For the decomposition of \(\mathrm{Ag}_{2} \mathrm{O}\) : $$ 2 \mathrm{Ag}_{2} \mathrm{O}(s) \longrightarrow 4 \mathrm{Ag}(s)+\mathrm{O}_{2}(g) $$ (a) Obtain an expression for \(\Delta G^{\circ}\) as a function of temperature. Prepare a table of \(\Delta G^{\circ}\) values at \(100 \mathrm{~K}\) intervals between \(100 \mathrm{~K}\) and \(500 \mathrm{~K}\). (b) Calculate the temperature at which \(\Delta G^{\circ}=0\).

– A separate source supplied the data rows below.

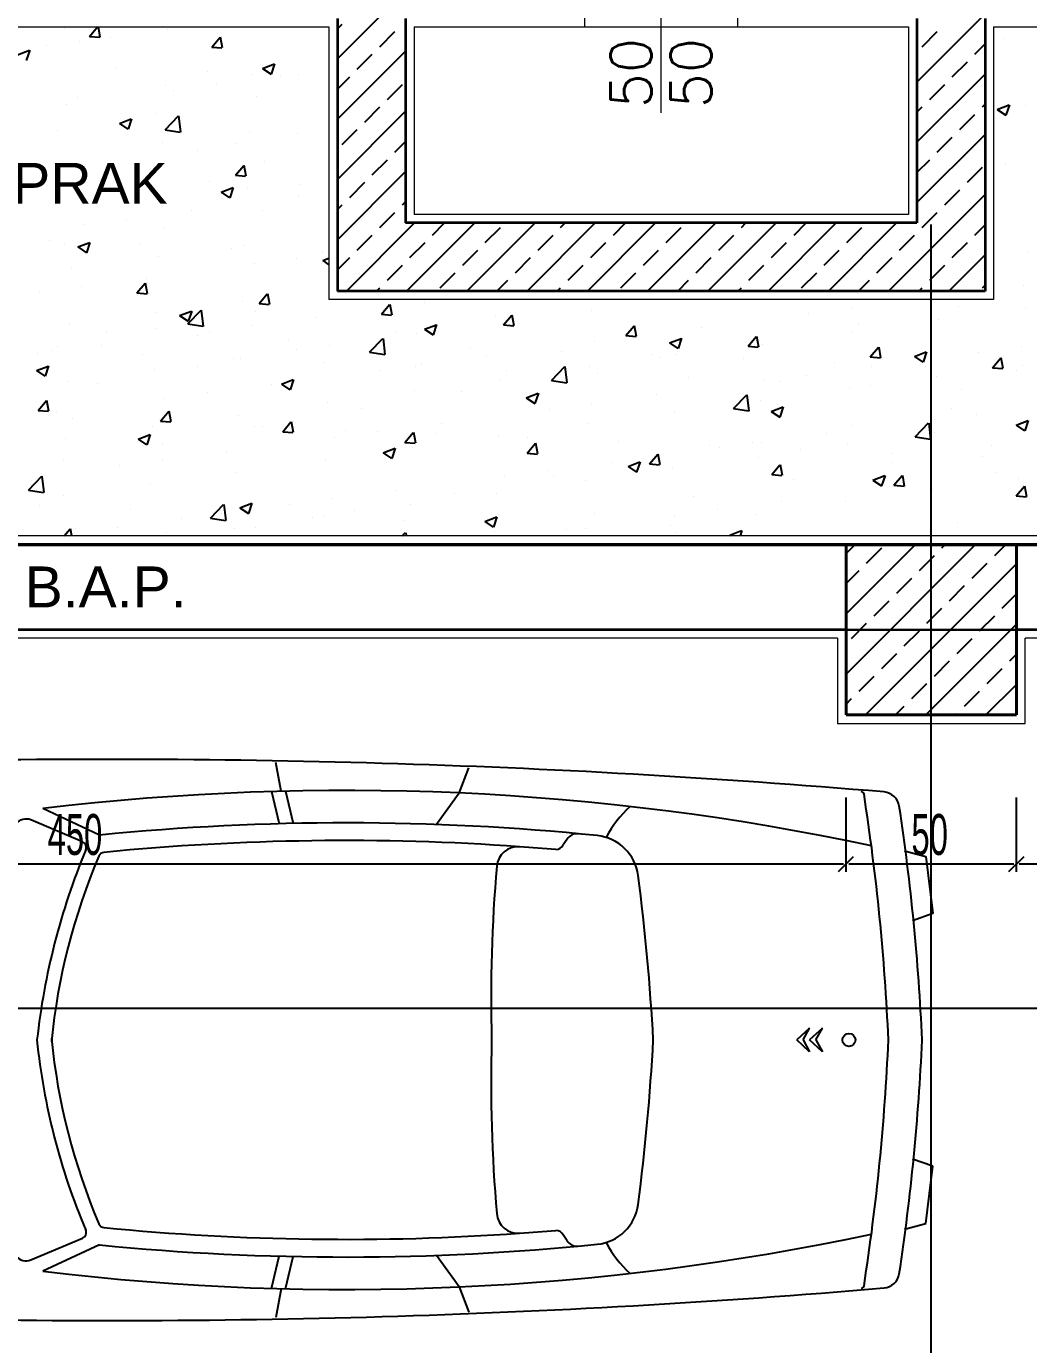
# Model space of a CAD drawing. Header units: inches. Extents: x -7543 to -822, y 102837 to 190349.
# Drawn here: x -836.29487 to -836.26547, y 102837.14652 to 102837.18519 of the extents above; entities that cross this region are included whole.
import ezdxf

# ---------------------------------------------------------------- set-up
doc = ezdxf.new("R2010")
doc.units = ezdxf.units.IN
doc.header["$MEASUREMENT"] = 0
doc.linetypes.add('DASHDOTX2', pattern=[2, 1, -0.5, 0, -0.5])
doc.layers.get('Defpoints').update_dxf_attribs({"lineweight": 25})
for name, color, linetype, lineweight in [('AKS', 1, 'Continuous', 25), ('ARABA', 7, 'Continuous', 25), ('ICOL', 55, 'Continuous', 25), ('KOLON', 2, 'Continuous', 40), ('SIVA', 150, 'Continuous', 15), ('TARAMA', 8, 'Continuous', 25), ('YAZI', 7, 'Continuous', 25)]:
    doc.layers.add(name, color=color, linetype=linetype, lineweight=lineweight)
doc.layers.add('DUVAR', color=7, linetype='Continuous', lineweight=35, true_color=0xfc4642)
doc.layers.add('PENCERE', color=7, linetype='Continuous', lineweight=18, true_color=0xffb360)
doc.styles.add('OLCU', font='tromand.shx', dxfattribs={"width": 0.6, "height": 12})
doc.styles.add('TURKCE', font='arial.ttf')
doc.styles.add('TXTX', font='TXTX')

msp = doc.modelspace()

# ---------------------------------------------------------------- linework, layer by layer
at = {"layer": 'AKS', "linetype": 'DASHDOTX2', "ltscale": 10}
for p, q in [((-836.2683218610786, 102836.7973076623), (-836.2683218610786, 102837.1793790418)), ((-836.3331215750702, 102837.1674930621), (-836.1803623513185, 102837.1674930621))]:
    msp.add_line(p, q, dxfattribs=at)
at = {"layer": 'ARABA'}
for p, q in [((-836.2873930630072, 102837.1627534727), (-836.2875531198299, 102837.163601479)), ((-836.2821736555265, 102837.1627025647), (-836.2818932230497, 102837.1634404601)), ((-836.2876754676377, 102837.162745748), (-836.2874503688311, 102837.1618003251)), ((-836.2872651069861, 102837.1627566185), (-836.2870397424836, 102837.1618100797)), ((-836.2821736555265, 102837.1627025647), (-836.2828342477522, 102837.161777366)), ((-836.2927228954093, 102837.1614696161), (-836.294385104351, 102837.1622441023)), ((-836.2932224809852, 102837.1612718065), (-836.2947374112466, 102837.1619117834)), ((-836.2790004029108, 102837.1613464846), (-836.2791239285115, 102837.1611778753)), ((-836.2691047725025, 102837.1610107626), (-836.2684817830759, 102837.1608381157)), ((-836.2684817830759, 102837.1608381157), (-836.2682812382836, 102837.159163694)), ((-836.2682812382836, 102837.159163694), (-836.2688754349836, 102837.1589525102)), ((-836.2718920264635, 102837.1558039201), (-836.2722695242853, 102837.1554589299)), ((-836.2720836860931, 102837.1554589299), (-836.2718920264635, 102837.1558039201)), ((-836.271515151365, 102837.1558039201), (-836.2718926491867, 102837.1554589299)), ((-836.2717068109945, 102837.1554589299), (-836.271515151365, 102837.1558039201)), ((-836.2718920264635, 102837.1551139397), (-836.2722695242853, 102837.1554589299)), ((-836.2720836860931, 102837.1554589299), (-836.2718920264635, 102837.1551139397)), ((-836.271515151365, 102837.1551139397), (-836.2718926491867, 102837.1554589299)), ((-836.2717068109945, 102837.1554589299), (-836.271515151365, 102837.1551139397)), ((-836.2682812382836, 102837.1517541659), (-836.2688754349836, 102837.1519653497)), ((-836.2684817830759, 102837.1500797442), (-836.2682812382836, 102837.1517541659)), ((-836.2691047725025, 102837.1499070973), (-836.2684817830759, 102837.1500797442)), ((-836.2947374112466, 102837.1490060765), (-836.2932224809852, 102837.1496460534)), ((-836.2790004029108, 102837.1495713753), (-836.2791239285115, 102837.1497399846)), ((-836.2927228954093, 102837.1494482438), (-836.294385104351, 102837.1486737576)), ((-836.2876754676377, 102837.1481721119), (-836.2874503688311, 102837.1491175348)), ((-836.2872651069861, 102837.1481612414), (-836.2870397424836, 102837.1491077802)), ((-836.2821736555265, 102837.1482152951), (-836.2828342477522, 102837.1491404939)), ((-836.2873930630072, 102837.1481643872), (-836.2875531198299, 102837.1473163809)), ((-836.2821736555265, 102837.1482152951), (-836.2818932230497, 102837.1474773998))]:
    msp.add_line(p, q, dxfattribs=at)
msp.add_circle((-836.2707380121709, 102837.1554589299), 0.0001903386603256101, dxfattribs=at)
for centre, radius, start, end in [((-836.2923812903906, 102836.8943341185), 0.2693556434130333, 85.17144948693704, 91.4465947719862), ((-836.2855062772712, 102837.0886099211), 0.07416755498626959, 77.99419764270667, 96.87554441600845), ((-836.2703848469768, 102837.1626546569), 9.000000000001016e-05, 8.837123087284679, 85.31347303164168), ((-836.2697501108676, 102837.1622405859), 0.0004950000000000558, 8.589308608090736, 85.17144948693704), ((-836.335257468319, 102837.1525688003), 0.0657419725653982, 2.519632719075946, 8.837123087284679), ((-836.2751676751451, 102837.1600495186), 0.003008833408684516, 131.4102380293895, 153.3700349608459), ((-836.334309786114, 102837.1524891751), 0.0657869725653982, 2.589097116581579, 8.589308608090736), ((-836.2948828767654, 102837.1615652081), 0.0003758651692243097, 67.23109894188038, 141.4393808775452), ((-836.2855062772712, 102837.0886099211), 0.07321621904792057, 84.21407305825436, 95.6565911483799), ((-836.2932924345016, 102837.1611059556), 0.0001799999999999734, 336.8992484385438, 67.13067892725184), ((-836.2855062772712, 102837.0886099211), 0.0726975842035435, 85.97158616311515, 95.59545401810036), ((-836.2787224483573, 102837.1611916199), 0.0003181851675940667, 83.74646251964785, 150.8752733098646), ((-836.2782613049911, 102837.1601100177), 0.001350000000000152, 7.354901511832351, 84.21407305825436), ((-836.2743590962507, 102837.1532426882), 0.02032128314120928, 157.4510827881515, 173.7388610267638), ((-836.2756129388187, 102837.1535647376), 0.01861552883302677, 156.9530728345464, 174.2906955884231), ((-836.2925770271423, 102837.1607819691), 0.0001800000000000203, 95.59545401810036, 156.9530728345464), ((-836.2804434450015, 102837.1604994504), 0.0006300000000000711, 85.97158616311515, 175.1297837138699), ((-836.2855062772712, 102837.0886099211), 0.0726975842035435, 85.13337306800867, 85.97158616311515), ((-836.279332835632, 102837.1612769564), 0.000231212548096232, 268.5150059043773, 334.6258166988742), ((-836.2353368713099, 102837.1566560718), 0.04590001821326197, 175.1297837138699, 181.494530153918), ((-836.3425953594318, 102837.1518059705), 0.06621777136170351, 3.162375469220795, 7.354901511832351), ((-836.2756129388187, 102837.1573531223), 0.01904067993119159, 185.7093044115769, 203.1007515614562), ((-836.2756129388187, 102837.1573531223), 0.01861552883302677, 185.7093044115769, 203.0469271654537), ((-836.2353368713099, 102837.1542617881), 0.04590001821326197, 178.505469846082, 184.8702162861301), ((-836.3425953594318, 102837.1591118894), 0.06621777136170351, 352.6450984881677, 356.8376245307792), ((-836.335257468319, 102837.1583490596), 0.0657419725653982, 351.1628769127153, 357.480367280924), ((-836.334309786114, 102837.1584286848), 0.0657869725653982, 351.4106913919093, 357.4109028834184), ((-836.2804434450015, 102837.1504184095), 0.0006300000000000711, 184.8702162861301, 274.0284138368849), ((-836.2782613049911, 102837.1508078422), 0.001350000000000152, 275.7859269417457, 352.6450984881677), ((-836.2925770271423, 102837.1501358908), 0.0001800000000000203, 203.0469271654537, 264.4045459818997), ((-836.2855062772712, 102837.2223079388), 0.07416755498626959, 263.1244555839916, 282.0058023572934), ((-836.2932924345016, 102837.1498119043), 0.0001799999999999975, 292.8693210727482, 23.10075156145621), ((-836.2855062772712, 102837.2223079388), 0.0726975842035435, 264.4045459818997, 274.0284138368849), ((-836.2855062772712, 102837.2223079388), 0.0726975842035435, 274.0284138368849, 274.8666269319914), ((-836.279332835632, 102837.1496409035), 0.000231212548096232, 25.37418330112585, 91.48499409562274), ((-836.2855062772712, 102837.2223079388), 0.07321621904792057, 264.3434088516201, 275.7859269417457), ((-836.2787224483573, 102837.1497262399), 0.0003181851675940667, 209.1247266901354, 276.2535374803521), ((-836.2751676751451, 102837.1508683413), 0.003008833408684516, 206.6299650391541, 228.5897619706105), ((-836.2948828767654, 102837.1493526518), 0.0003758651692241277, 218.5606191224547, 292.7689010581196), ((-836.2697501108676, 102837.148677274), 0.0004950000000000558, 274.8285505130629, 351.4106913919093), ((-836.2923812903907, 102837.4165837414), 0.2693556434130333, 268.5534052280138, 274.8285505130629), ((-836.2703848469768, 102837.148263203), 9.000000000001016e-05, 274.6865269683583, 351.1628769127153)]:
    msp.add_arc(centre, radius, start, end, dxfattribs=at)
at = {"layer": 'Defpoints'}
for p, q in [((-836.3208218610786, 102837.1699712074), (-836.2058218610786, 102837.1699712074)), ((-836.2608218610785, 102837.1674930621), (-836.3158218610786, 102837.1674930621))]:
    msp.add_line(p, q, dxfattribs=at)
at = {"layer": 'DUVAR'}
for p, q in [((-836.2857436090787, 102837.1854247682), (-836.2857436090787, 102837.1774247682)), ((-836.2837436090788, 102837.1854247682), (-836.2837436090788, 102837.1794247682)), ((-836.2687436090788, 102837.1854247682), (-836.2687436090788, 102837.1794247682)), ((-836.2667436090787, 102837.1854247682), (-836.2667436090787, 102837.1774247682)), ((-836.2687436090788, 102837.1794247682), (-836.2837436090788, 102837.1794247682)), ((-836.2667436090787, 102837.1774247682), (-836.2857436090787, 102837.1774247682)), ((-836.2708218610786, 102837.1699930621), (-836.3158218610786, 102837.1699930621)), ((-836.2394936090789, 102837.1699930621), (-836.2658218610786, 102837.1699930621)), ((-836.2708218610786, 102837.1674930621), (-836.3158218610786, 102837.1674930621)), ((-836.2344936090789, 102837.1674930621), (-836.2658218610786, 102837.1674930621))]:
    msp.add_line(p, q, dxfattribs=at)
at = {"layer": 'ICOL'}
for p, q in [((-836.2708218610786, 102837.1603881636), (-836.2708218610786, 102837.1625721636)), ((-836.2708218610786, 102837.1603881636), (-836.2708218610786, 102837.1625721636)), ((-836.2658218610786, 102837.1603881636), (-836.2658218610786, 102837.1625721636)), ((-836.2658218610786, 102837.1603881636), (-836.2658218610786, 102837.1625721636)), ((-836.2710424783943, 102837.1604015463), (-836.2706012437628, 102837.1608427809)), ((-836.2710424783943, 102837.1604015463), (-836.2706012437628, 102837.1608427809)), ((-836.2660424783943, 102837.1604015463), (-836.2656012437628, 102837.1608427809)), ((-836.2660424783943, 102837.1604015463), (-836.2656012437628, 102837.1608427809)), ((-836.3157438610785, 102837.1606221636), (-836.2708998610785, 102837.1606221636)), ((-836.2707438610786, 102837.1606221636), (-836.2658998610785, 102837.1606221636)), ((-836.2657438610786, 102837.1606221636), (-836.2345716090789, 102837.1606221636)), ((-836.3182438610786, 102837.1563928054), (-836.2083998610785, 102837.1563928054))]:
    msp.add_line(p, q, dxfattribs=at)
at = {"layer": 'KOLON'}
for p, q in [((-836.2658218610786, 102837.1699930621), (-836.2708218610786, 102837.1699930621)), ((-836.2708218610786, 102837.1699930621), (-836.2708218610786, 102837.1649930621)), ((-836.2658218610786, 102837.1649930621), (-836.2658218610786, 102837.1699930621)), ((-836.2708218610786, 102837.1649930621), (-836.2658218610786, 102837.1649930621))]:
    msp.add_line(p, q, dxfattribs=at)
at = {"layer": 'PENCERE'}
msp.add_line((-836.2762436090787, 102837.1826580301), (-836.2762436090787, 102837.1864247682), dxfattribs=at)
at = {"layer": 'SIVA'}
for p, q in [((-836.2784936090787, 102837.1864247682), (-836.2784936090787, 102837.1851747682)), ((-836.2739936090787, 102837.1851747682), (-836.2739936090787, 102837.1864247682)), ((-836.3362436090792, 102837.1851747682), (-836.2859936090788, 102837.1851747682)), ((-836.2859936090788, 102837.1851747682), (-836.2859936090788, 102837.1771747682)), ((-836.2834936090787, 102837.1851747682), (-836.2689936090787, 102837.1851747682)), ((-836.2834936090787, 102837.1851747682), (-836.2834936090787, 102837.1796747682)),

Which of the following processes are spontaneous? (a) cleaning up your desk (b) building a house of cards (c) sugar dissolving in hot water

In the laboratory, \(\mathrm{POCl}_{3}\) (phosphorus oxychloride) is used in the manufacture of phosphate esters, which are used in flame retardants and pesticides. It can be prepared by the following reaction at \(25^{\circ} \mathrm{C}\) : $$ \begin{array}{l} 2 \mathrm{PCl}_{3}(g)+\mathrm{O}_{2}(g) \longrightarrow 2 \mathrm{POCl}_{3}(g) \\\ \Delta H^{\circ}=-572 \mathrm{~kJ} ; \Delta G^{\circ}=-518.7 \mathrm{~kJ} \end{array} $$ (a) Calculate \(\Delta S^{\circ} .\) Is the sign reasonable? (b) Calculate \(S^{\circ}\) for \(\mathrm{POCl}_{3}\). (c) Calculate \(\Delta H_{\mathrm{f}}^{\circ}\) for \(\mathrm{POCl}_{3}\).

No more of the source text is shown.